Networks are defined by rules that map physical network interfaces to logical network definitions, either by interface name or by CIDR notation. The rules are checked in the order in which they appear in a matching rules list.
- Specifies a communications policy that defines rules for transferring data between target and initiating connectors and bridges (if used)
Communication policies define how systems communicate with one another and allow you to configure the transfer concurrency and security options, and to enable or disable ZStandard data compression on row data blocks during data transfer.
Teradata QueryGrid is preconfigured with a policy appropriate to use over LANs (LAN Policy) and a policy appropriate for use with WANs (WAN Policy).
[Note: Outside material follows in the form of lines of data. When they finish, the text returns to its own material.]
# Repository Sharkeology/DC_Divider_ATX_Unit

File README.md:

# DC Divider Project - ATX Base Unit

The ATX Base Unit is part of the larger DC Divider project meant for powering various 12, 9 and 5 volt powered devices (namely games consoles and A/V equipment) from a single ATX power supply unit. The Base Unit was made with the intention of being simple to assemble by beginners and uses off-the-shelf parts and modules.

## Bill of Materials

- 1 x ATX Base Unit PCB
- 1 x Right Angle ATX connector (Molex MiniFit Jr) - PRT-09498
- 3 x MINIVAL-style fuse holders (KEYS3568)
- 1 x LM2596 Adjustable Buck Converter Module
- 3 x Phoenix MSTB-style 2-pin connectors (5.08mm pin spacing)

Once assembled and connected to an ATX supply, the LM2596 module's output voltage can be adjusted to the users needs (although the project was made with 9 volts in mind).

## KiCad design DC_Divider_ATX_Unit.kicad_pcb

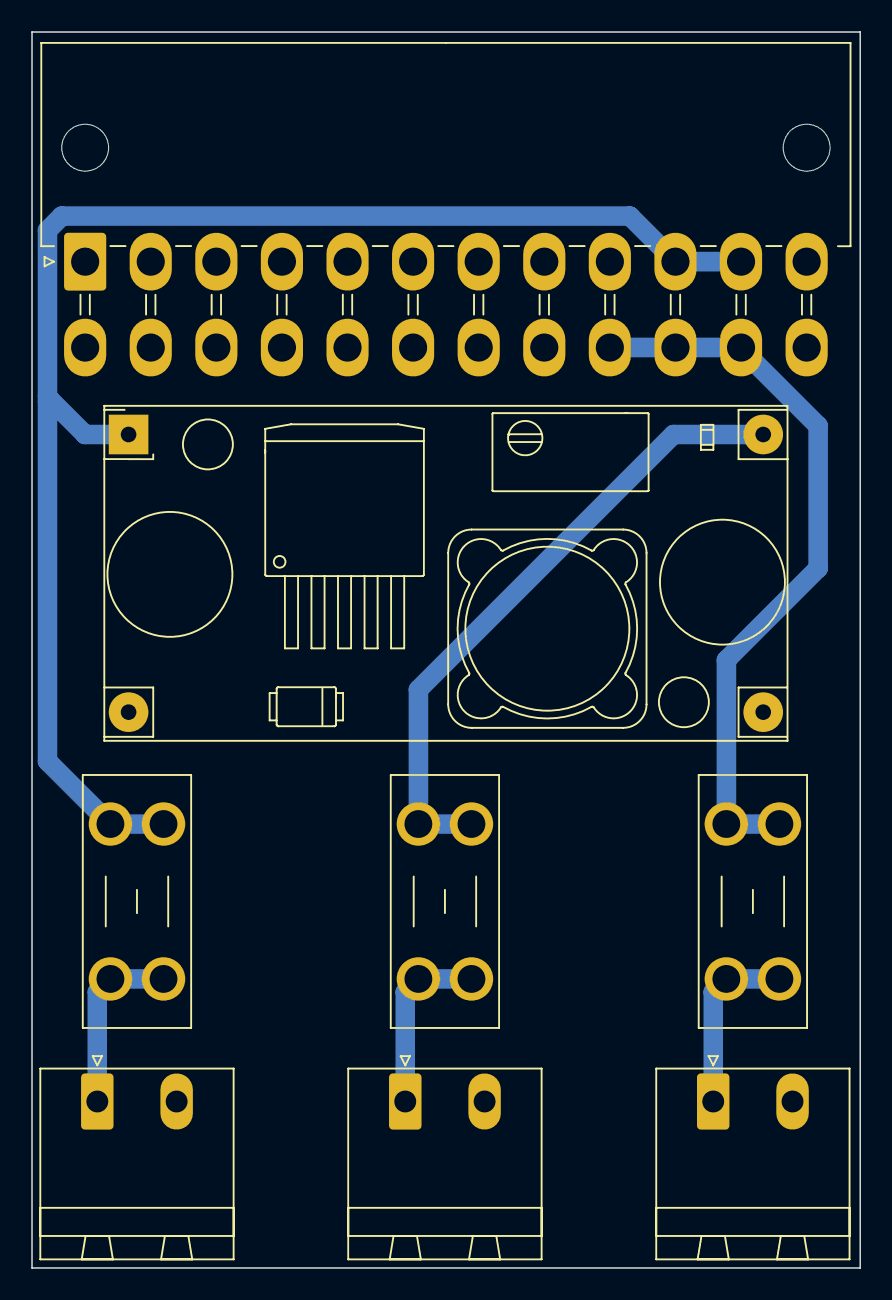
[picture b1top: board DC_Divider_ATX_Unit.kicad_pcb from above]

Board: 2 copper layers, 53.0 x 79.1 mm, 8 parts (0 on the bottom side), 7 nets.

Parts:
F1, F2, F3: Fuse; Fuseholder_Blade_Mini_Keystone_3568
J1: ATX-24; Molex_Mini-Fit_Jr_5569-24A2_2x12_P4.20mm_Horizontal
J2, J3, J4: Conn_01x02; PhoenixContact_MSTBA_2,5_2-G-5,08_1x02_P5.08mm_Horizontal
U1: YAAJ_DCDC_StepDown_LM2596

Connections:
+5V: F3.1, J1.4 (+5V), J1.6 (+5V), J1.21 (+5V), J1.22 (+5V), J1.23 (+5V)
+9V: F2.1, U1.4 (Vout)
+12V: F1.1, J1.10 (+12V), J1.11 (+12V), U1.1 (Vin)
GND: J1.3 (GND), J1.5 (GND), J1.7 (GND), J1.15 (GND), J1.16 (PS_ON#), J1.17 (GND), J1.18 (GND), J1.19 (GND), J1.24 (GND), J2.2, J3.2, J4.2, U1.2 (GND), U1.3 (GND)
unnamed: F1.2, J2.1
unnamed: F2.2, J3.1
unnamed: F3.2, J4.1

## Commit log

2023-06-14 Update README.md
    Included information in README
2023-06-14 Create LICENSE
2023-06-14 Uploaded repo contents.
2023-07-04 Revised PCB design w/ space for fuse holders.
    Minival-like blade fuse holders were included in series with each power rail in order to prevent catastrophic damage to the board in a short circuit/overcurrent situation.
2023-07-04 Update README.md
    Revised BOM and KiCad render.
2023-07-04 Removed gerber_files directory
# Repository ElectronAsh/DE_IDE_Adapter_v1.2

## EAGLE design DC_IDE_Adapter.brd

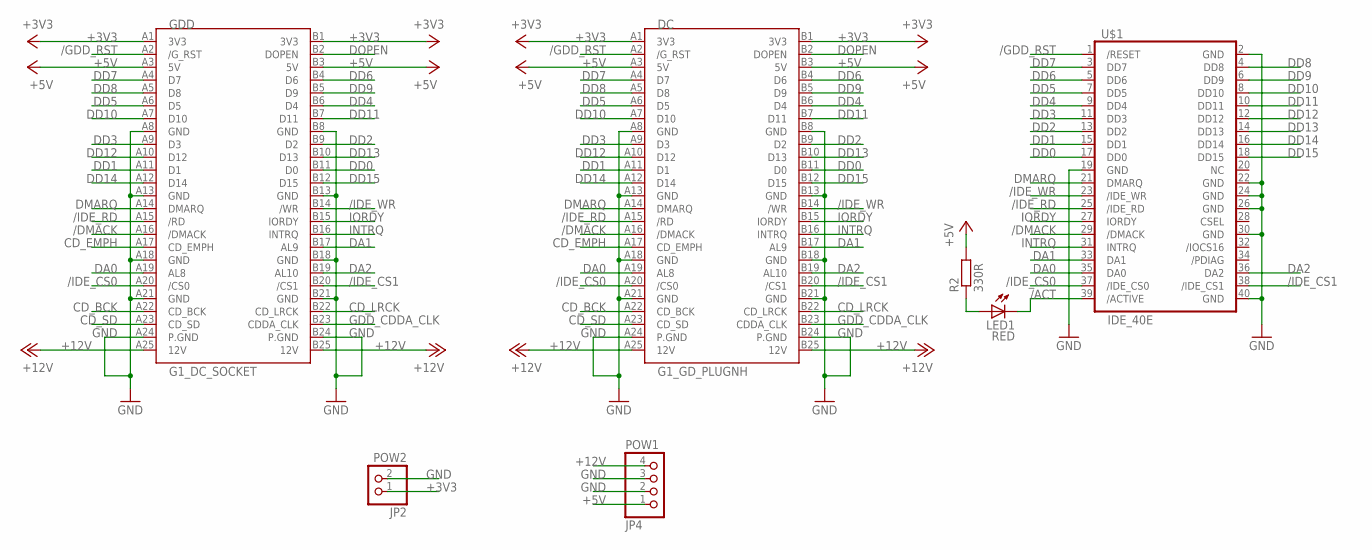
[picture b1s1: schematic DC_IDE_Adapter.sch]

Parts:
DC: G1_GD_PLUGNH; 52584-0579-NOHOLES
GDD: G1_DC_SOCKET; 53408-0579
JP2: POW2; 1X02/90
JP4: POW1; 1X04/90
LED1: RED; LED3MM
R2: 330R; R0603
U$1: IDE_40E; IDE_40_EDGE

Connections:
+3V3: DC.A1 (3V3), DC.B1 (3V3), GDD.A1 (3V3), GDD.B1 (3V3), JP2.1
+5V: DC.A3 (5V), DC.B3 (5V), GDD.A3 (5V), GDD.B3 (5V), JP4.1, R2.2
+12V: DC.A25 (12V), DC.B25 (12V), GDD.A25 (12V), GDD.B25 (12V), JP4.4
/ACT: LED1.K (C), U$1.39 (/ACTIVE)
/DMACK: DC.A16 (/DMACK), GDD.A16 (/DMACK), U$1.29 (/DMACK)
/GDD_RST: DC.A2 (/G_RST), GDD.A2 (/G_RST), U$1.1 (/RESET)
/IDE_CS0: DC.A20 (/CS0), GDD.A20 (/CS0), U$1.37 (/IDE_CS0)
/IDE_CS1: DC.B20 (/CS1), GDD.B20 (/CS1), U$1.38 (/IDE_CS1)
/IDE_RD: DC.A15 (/RD), GDD.A15 (/RD), U$1.25 (/IDE_RD)
/IDE_WR: DC.B14 (/WR), GDD.B14 (/WR), U$1.23 (/IDE_WR)
CD_BCK: DC.A22 (CD_BCK), GDD.A22 (CD_BCK)
CD_EMPH: DC.A17 (CD_EMPH), GDD.A17 (CD_EMPH)
CD_LRCK: DC.B22 (CD_LRCK), GDD.B22 (CD_LRCK)
CD_SD: DC.A23 (CD_SD), GDD.A23 (CD_SD)
DA0: DC.A19 (AL8), GDD.A19 (AL8), U$1.35 (DA0)
DA1: DC.B17 (AL9), GDD.B17 (AL9), U$1.33 (DA1)
DA2: DC.B19 (AL10), GDD.B19 (AL10), U$1.36 (DA2)
DD0: DC.B11 (D0), GDD.B11 (D0), U$1.17 (DD0)
DD1: DC.A11 (D1), GDD.A11 (D1), U$1.15 (DD1)
DD2: DC.B9 (D2), GDD.B9 (D2), U$1.13 (DD2)
DD3: DC.A9 (D3), GDD.A9 (D3), U$1.11 (DD3)
DD4: DC.B6 (D4), GDD.B6 (D4), U$1.9 (DD4)
DD5: DC.A6 (D5), GDD.A6 (D5), U$1.7 (DD5)
DD6: DC.B4 (D6), GDD.B4 (D6), U$1.5 (DD6)
DD7: DC.A4 (D7), GDD.A4 (D7), U$1.3 (DD7)
DD8: DC.A5 (D8), GDD.A5 (D8), U$1.4 (DD8)
DD9: DC.B5 (D9), GDD.B5 (D9), U$1.6 (DD9)
DD10: DC.A7 (D10), GDD.A7 (D10), U$1.8 (DD10)
DD11: DC.B7 (D11), GDD.B7 (D11), U$1.10 (DD11)
DD12: DC.A10 (D12), GDD.A10 (D12), U$1.12 (DD12)
DD13: DC.B10 (D13), GDD.B10 (D13), U$1.14 (DD13)
DD14: DC.A12 (D14), GDD.A12 (D14), U$1.16 (DD14)
DD15: DC.B12 (D15), GDD.B12 (D15), U$1.18 (DD15)
DMARQ: DC.A14 (DMARQ), GDD.A14 (DMARQ), U$1.21 (DMARQ)
DOPEN: DC.B2 (DOPEN), GDD.B2 (DOPEN)
GDD_CDDA_CLK: DC.B23 (CDDA_CLK), GDD.B23 (CDDA_CLK)
GND: DC.A8 (GND), DC.A13 (GND), DC.A18 (GND), DC.A21 (GND), DC.A24 (P.GND), DC.B8 (GND), DC.B13 (GND), DC.B18 (GND), DC.B21 (GND), DC.B24 (P.GND), GDD.A8 (GND), GDD.A13 (GND), GDD.A18 (GND), GDD.A21 (GND), GDD.A24 (P.GND), GDD.B8 (GND), GDD.B13 (GND), GDD.B18 (GND), GDD.B21 (GND), GDD.B24 (P.GND), JP2.2, JP4.2, JP4.3, U$1.2 (GND), U$1.19 (GND), U$1.22 (GND), U$1.24 (GND), U$1.26 (GND), U$1.30 (GND), U$1.40 (GND)
INTRQ: DC.B16 (INTRQ), GDD.B16 (INTRQ), U$1.31 (INTRQ)
IORDY: DC.B15 (IORDY), GDD.B15 (IORDY), U$1.27 (IORDY)
unnamed: LED1.A, R2.1

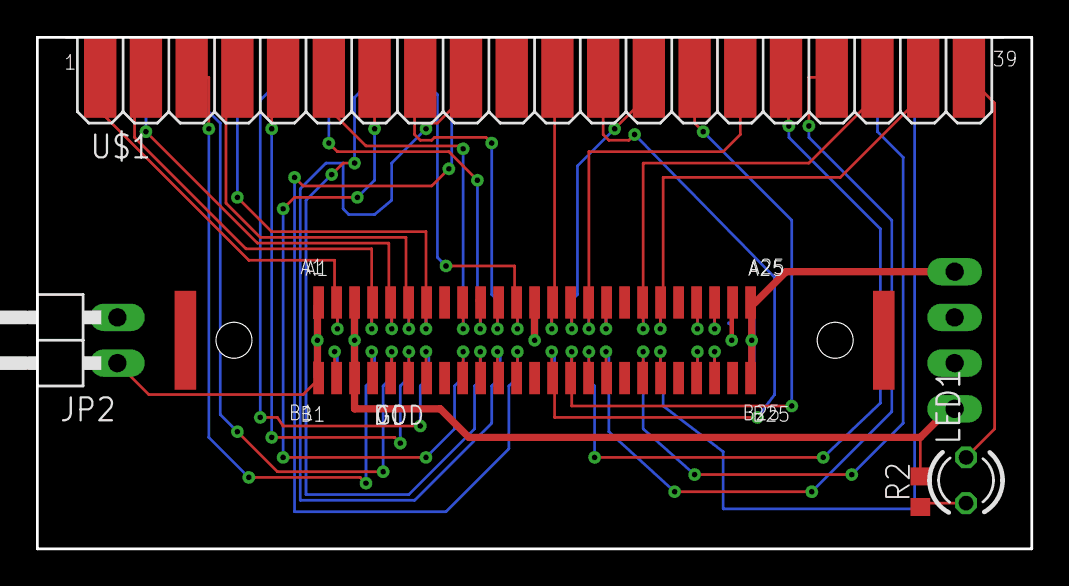
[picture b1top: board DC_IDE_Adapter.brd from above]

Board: 2 copper layers, 55.2 x 28.4 mm, 7 parts (1 on the bottom side), 40 nets.

Communication policies are not necessarily specific to the systems involved, so you can reuse them.
- Specifies user mappings (optional)
User mappings allow a user logged on to the initiating system to submit queries as a specific user on the target system. You can map multiple users on the initiating system to a single user on the target system, if applicable, but cannot map multiple users on the target system to a single user on the initiating system.
In the QueryGrid portlet, you can construct a table mapping a username on one data source to a username on another data source.When using the Hive, Presto, or Spark target connector without security, user mapping is typically required. For example, if a query is initiated using a Teradata-to-Hadoop link by user Joe, Teradata automatically changes the username to all uppercase and sends the query as user JOE by default to the target system. The following are possible outcomes for this use-case when no security is used with a Hive target connector:
- The user Joe does not exist on the target system. In this scenario, the query must be run with an existing user on the target system such as hive. In this scenario, user mapping is required where JOE on the Teradata system is mapped to the user hive on the target Hive system.
- The user Joe does exist on the target system, but as joe (all lowercase). In this scenario, user mapping is required where JOE on the Teradata system is mapped to joe on the target Hive system.
- The user Joe does exist on the target as JOE (all uppercase). This scenario does not require user mapping.
When a security platform such as Kerberos is used, user mapping is not required when using a Hive, Presto, or Spark target connector.